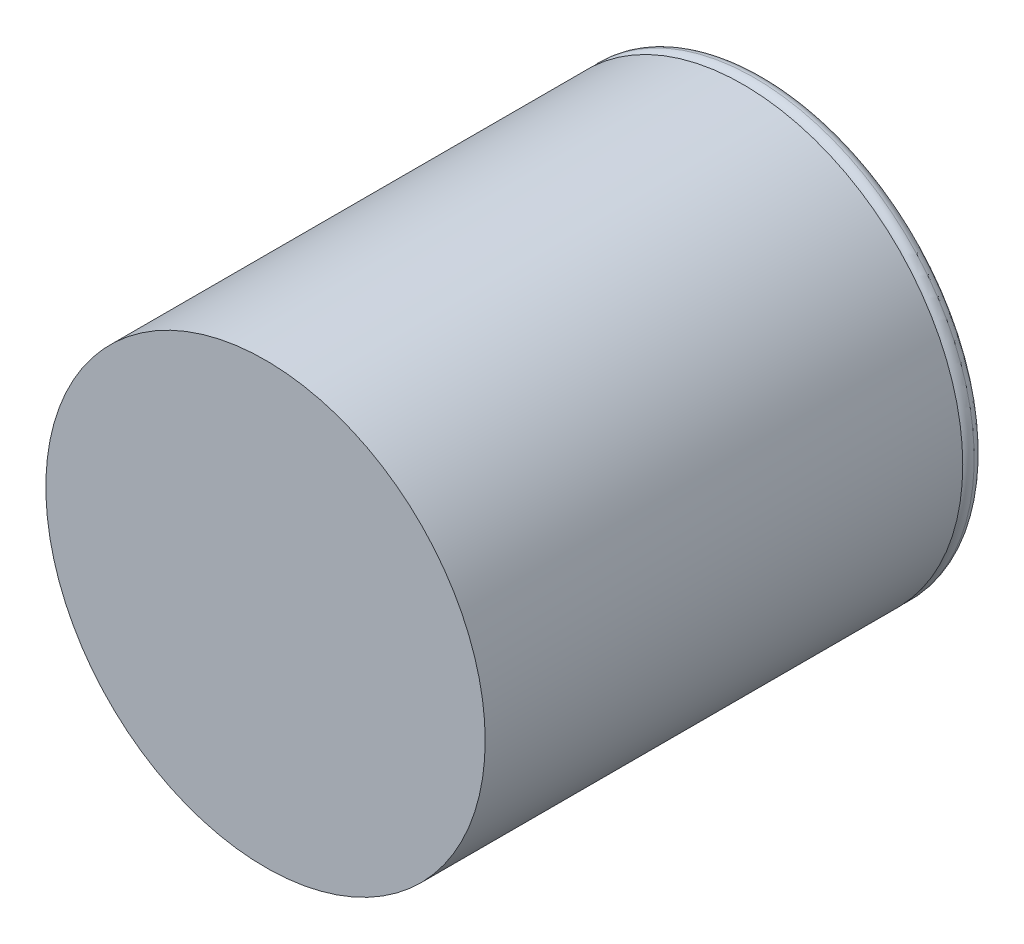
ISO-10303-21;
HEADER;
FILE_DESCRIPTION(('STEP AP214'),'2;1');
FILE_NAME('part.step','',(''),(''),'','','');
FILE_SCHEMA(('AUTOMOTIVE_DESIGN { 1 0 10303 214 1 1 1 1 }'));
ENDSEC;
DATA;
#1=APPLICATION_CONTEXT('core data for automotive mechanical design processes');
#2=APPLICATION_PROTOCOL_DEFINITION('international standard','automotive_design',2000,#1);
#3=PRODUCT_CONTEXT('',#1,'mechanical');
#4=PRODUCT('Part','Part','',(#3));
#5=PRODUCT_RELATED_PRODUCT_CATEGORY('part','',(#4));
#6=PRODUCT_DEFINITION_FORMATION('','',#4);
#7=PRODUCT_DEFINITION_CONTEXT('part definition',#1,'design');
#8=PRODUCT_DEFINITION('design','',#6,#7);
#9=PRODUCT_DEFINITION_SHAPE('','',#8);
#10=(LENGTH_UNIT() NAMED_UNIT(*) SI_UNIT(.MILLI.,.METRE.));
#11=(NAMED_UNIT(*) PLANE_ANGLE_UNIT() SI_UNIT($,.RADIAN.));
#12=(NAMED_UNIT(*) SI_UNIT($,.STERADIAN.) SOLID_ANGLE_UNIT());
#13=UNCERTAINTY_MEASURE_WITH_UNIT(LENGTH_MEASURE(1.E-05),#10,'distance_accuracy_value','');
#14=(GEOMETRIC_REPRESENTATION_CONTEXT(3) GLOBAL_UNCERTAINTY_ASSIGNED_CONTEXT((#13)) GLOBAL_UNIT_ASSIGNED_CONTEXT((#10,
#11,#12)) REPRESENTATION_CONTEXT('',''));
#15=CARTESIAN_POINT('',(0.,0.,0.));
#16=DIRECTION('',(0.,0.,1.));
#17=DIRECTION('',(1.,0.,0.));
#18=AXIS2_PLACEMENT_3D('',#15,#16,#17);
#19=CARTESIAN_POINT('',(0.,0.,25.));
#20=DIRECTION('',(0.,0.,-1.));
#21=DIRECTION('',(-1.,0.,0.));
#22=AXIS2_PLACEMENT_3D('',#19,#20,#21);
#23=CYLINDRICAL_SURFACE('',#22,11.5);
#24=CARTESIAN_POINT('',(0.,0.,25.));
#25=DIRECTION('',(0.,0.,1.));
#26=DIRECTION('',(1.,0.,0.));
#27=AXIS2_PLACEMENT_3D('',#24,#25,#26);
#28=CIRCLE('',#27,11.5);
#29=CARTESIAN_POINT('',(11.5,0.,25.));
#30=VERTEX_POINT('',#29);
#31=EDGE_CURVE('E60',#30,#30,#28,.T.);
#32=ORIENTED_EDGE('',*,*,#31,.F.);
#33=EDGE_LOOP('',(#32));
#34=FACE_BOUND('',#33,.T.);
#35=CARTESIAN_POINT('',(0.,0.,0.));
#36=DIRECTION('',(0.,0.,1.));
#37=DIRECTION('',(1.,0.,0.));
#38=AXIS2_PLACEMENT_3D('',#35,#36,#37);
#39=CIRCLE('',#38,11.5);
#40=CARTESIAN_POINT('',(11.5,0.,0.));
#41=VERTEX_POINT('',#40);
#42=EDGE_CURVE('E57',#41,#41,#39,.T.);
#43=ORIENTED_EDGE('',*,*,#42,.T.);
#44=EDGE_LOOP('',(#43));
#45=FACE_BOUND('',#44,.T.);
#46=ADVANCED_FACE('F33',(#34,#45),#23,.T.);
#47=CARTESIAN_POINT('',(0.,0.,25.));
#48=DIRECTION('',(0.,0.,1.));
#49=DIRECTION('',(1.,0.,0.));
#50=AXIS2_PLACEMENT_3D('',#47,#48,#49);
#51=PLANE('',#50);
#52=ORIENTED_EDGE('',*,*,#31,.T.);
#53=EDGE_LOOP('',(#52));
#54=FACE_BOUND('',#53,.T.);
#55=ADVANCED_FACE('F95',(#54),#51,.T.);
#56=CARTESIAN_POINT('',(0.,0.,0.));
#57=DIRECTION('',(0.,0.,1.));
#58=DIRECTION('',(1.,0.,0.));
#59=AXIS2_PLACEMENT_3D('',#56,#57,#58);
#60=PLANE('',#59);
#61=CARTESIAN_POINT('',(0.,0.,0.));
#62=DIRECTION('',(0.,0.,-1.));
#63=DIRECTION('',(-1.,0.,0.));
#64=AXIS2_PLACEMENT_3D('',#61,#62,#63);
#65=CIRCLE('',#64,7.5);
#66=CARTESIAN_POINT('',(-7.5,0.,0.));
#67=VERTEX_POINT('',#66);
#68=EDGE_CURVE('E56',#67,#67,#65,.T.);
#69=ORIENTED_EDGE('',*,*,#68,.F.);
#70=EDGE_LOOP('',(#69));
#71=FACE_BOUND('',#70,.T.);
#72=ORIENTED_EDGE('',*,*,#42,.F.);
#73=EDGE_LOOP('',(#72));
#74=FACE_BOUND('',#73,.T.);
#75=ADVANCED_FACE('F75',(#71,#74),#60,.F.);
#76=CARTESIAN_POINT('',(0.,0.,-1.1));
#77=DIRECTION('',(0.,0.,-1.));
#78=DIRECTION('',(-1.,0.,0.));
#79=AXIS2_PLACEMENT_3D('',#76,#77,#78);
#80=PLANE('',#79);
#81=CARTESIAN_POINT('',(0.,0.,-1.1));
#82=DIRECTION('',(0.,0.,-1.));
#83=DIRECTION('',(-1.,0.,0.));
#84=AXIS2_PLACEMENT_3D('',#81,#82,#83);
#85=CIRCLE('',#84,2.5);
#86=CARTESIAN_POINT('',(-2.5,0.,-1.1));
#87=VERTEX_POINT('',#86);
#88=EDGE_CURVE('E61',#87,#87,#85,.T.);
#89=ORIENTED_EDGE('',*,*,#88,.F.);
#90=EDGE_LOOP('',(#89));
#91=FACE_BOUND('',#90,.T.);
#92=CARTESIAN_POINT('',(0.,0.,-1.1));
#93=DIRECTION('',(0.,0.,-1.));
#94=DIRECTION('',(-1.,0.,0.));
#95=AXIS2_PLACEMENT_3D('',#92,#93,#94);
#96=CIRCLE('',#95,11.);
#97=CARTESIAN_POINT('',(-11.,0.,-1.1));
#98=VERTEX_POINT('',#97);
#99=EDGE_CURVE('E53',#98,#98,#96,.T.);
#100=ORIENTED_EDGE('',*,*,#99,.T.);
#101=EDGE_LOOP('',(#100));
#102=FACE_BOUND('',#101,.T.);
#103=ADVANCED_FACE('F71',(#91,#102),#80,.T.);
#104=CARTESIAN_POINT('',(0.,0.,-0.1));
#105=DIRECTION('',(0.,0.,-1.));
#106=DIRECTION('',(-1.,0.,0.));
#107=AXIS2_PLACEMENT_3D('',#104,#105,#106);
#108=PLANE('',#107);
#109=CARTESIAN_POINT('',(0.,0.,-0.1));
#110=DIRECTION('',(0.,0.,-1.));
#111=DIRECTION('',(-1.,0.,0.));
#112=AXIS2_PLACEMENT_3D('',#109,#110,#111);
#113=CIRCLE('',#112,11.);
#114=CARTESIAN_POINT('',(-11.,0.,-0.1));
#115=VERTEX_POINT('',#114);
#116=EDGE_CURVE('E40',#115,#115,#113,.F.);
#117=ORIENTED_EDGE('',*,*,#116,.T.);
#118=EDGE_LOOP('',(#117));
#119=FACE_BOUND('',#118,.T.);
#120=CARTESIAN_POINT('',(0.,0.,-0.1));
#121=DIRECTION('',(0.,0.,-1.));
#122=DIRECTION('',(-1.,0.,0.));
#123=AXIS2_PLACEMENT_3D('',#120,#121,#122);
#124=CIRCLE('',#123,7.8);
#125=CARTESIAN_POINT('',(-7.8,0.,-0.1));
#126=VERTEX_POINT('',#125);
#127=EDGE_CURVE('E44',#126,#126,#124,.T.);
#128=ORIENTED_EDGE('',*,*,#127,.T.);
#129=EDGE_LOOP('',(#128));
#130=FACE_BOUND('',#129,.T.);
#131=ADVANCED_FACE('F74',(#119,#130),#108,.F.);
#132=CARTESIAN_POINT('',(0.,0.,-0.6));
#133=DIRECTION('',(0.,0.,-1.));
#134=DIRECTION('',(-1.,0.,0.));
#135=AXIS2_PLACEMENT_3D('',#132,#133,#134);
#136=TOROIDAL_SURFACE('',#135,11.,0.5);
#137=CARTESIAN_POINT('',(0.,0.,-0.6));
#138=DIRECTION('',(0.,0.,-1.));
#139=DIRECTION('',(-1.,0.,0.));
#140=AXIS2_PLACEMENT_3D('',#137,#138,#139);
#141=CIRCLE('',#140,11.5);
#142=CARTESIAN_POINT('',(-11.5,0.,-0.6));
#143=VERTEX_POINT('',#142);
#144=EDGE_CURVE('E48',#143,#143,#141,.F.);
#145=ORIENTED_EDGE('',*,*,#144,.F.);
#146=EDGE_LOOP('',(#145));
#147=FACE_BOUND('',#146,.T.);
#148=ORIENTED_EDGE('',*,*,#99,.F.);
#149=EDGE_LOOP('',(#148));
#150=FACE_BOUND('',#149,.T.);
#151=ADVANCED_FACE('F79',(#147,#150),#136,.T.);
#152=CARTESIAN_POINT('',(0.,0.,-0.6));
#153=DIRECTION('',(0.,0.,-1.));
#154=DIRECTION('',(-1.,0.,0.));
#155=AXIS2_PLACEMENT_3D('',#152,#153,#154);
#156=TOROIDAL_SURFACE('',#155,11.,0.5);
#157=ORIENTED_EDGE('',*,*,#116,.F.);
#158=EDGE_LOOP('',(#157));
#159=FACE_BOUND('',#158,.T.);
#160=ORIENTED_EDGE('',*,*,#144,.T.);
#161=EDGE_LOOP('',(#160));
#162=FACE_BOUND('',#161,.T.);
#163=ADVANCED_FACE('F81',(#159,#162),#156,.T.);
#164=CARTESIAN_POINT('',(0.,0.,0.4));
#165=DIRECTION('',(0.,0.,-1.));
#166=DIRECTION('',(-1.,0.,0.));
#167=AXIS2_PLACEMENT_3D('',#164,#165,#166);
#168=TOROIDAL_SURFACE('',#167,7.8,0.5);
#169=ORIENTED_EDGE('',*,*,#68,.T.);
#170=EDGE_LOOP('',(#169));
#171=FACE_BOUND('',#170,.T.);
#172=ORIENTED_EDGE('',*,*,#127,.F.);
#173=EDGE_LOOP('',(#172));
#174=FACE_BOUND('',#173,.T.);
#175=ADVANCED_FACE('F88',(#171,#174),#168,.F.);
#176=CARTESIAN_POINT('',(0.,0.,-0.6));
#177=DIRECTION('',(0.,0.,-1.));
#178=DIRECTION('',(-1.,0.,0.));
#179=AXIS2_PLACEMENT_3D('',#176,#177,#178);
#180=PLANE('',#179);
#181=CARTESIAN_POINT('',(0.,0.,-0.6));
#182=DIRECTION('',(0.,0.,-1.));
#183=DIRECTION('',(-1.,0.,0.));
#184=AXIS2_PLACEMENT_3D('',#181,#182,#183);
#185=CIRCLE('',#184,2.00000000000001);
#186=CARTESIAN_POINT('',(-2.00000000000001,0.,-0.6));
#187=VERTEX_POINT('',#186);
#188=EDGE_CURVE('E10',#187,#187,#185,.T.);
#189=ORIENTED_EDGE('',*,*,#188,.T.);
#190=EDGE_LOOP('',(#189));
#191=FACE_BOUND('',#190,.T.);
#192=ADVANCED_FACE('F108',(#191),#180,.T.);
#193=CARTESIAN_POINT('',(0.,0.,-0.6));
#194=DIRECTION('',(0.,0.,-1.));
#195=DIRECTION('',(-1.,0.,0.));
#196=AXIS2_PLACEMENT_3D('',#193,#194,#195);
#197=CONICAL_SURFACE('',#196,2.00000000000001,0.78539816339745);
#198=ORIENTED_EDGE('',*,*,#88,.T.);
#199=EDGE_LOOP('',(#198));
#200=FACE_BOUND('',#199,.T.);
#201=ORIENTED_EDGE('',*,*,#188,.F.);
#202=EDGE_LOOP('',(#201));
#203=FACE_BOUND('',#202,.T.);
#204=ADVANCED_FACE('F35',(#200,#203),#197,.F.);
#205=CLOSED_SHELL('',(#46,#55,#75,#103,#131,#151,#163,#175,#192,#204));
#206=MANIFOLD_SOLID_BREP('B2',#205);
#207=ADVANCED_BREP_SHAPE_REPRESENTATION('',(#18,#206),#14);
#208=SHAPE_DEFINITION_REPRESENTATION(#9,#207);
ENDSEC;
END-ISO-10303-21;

━━━━━━━━━━━━━━━━━━━━

How to complete this task >> Reproduce exactly, and only, the lines from the opening line of the listing above through the line holding "#23=CYLINDRICAL_SURFACE('',#22,11.5);", minus the pictures.

Task answer >>
ISO-10303-21;
HEADER;
FILE_DESCRIPTION(('STEP AP214'),'2;1');
FILE_NAME('part.step','',(''),(''),'','','');
FILE_SCHEMA(('AUTOMOTIVE_DESIGN { 1 0 10303 214 1 1 1 1 }'));
ENDSEC;
DATA;
#1=APPLICATION_CONTEXT('core data for automotive mechanical design processes');
#2=APPLICATION_PROTOCOL_DEFINITION('international standard','automotive_design',2000,#1);
#3=PRODUCT_CONTEXT('',#1,'mechanical');
#4=PRODUCT('Part','Part','',(#3));
#5=PRODUCT_RELATED_PRODUCT_CATEGORY('part','',(#4));
#6=PRODUCT_DEFINITION_FORMATION('','',#4);
#7=PRODUCT_DEFINITION_CONTEXT('part definition',#1,'design');
#8=PRODUCT_DEFINITION('design','',#6,#7);
#9=PRODUCT_DEFINITION_SHAPE('','',#8);
#10=(LENGTH_UNIT() NAMED_UNIT(*) SI_UNIT(.MILLI.,.METRE.));
#11=(NAMED_UNIT(*) PLANE_ANGLE_UNIT() SI_UNIT($,.RADIAN.));
#12=(NAMED_UNIT(*) SI_UNIT($,.STERADIAN.) SOLID_ANGLE_UNIT());
#13=UNCERTAINTY_MEASURE_WITH_UNIT(LENGTH_MEASURE(1.E-05),#10,'distance_accuracy_value','');
#14=(GEOMETRIC_REPRESENTATION_CONTEXT(3) GLOBAL_UNCERTAINTY_ASSIGNED_CONTEXT((#13)) GLOBAL_UNIT_ASSIGNED_CONTEXT((#10,
#11,#12)) REPRESENTATION_CONTEXT('',''));
#15=CARTESIAN_POINT('',(0.,0.,0.));
#16=DIRECTION('',(0.,0.,1.));
#17=DIRECTION('',(1.,0.,0.));
#18=AXIS2_PLACEMENT_3D('',#15,#16,#17);
#19=CARTESIAN_POINT('',(0.,0.,25.));
#20=DIRECTION('',(0.,0.,-1.));
#21=DIRECTION('',(-1.,0.,0.));
#22=AXIS2_PLACEMENT_3D('',#19,#20,#21);
#23=CYLINDRICAL_SURFACE('',#22,11.5);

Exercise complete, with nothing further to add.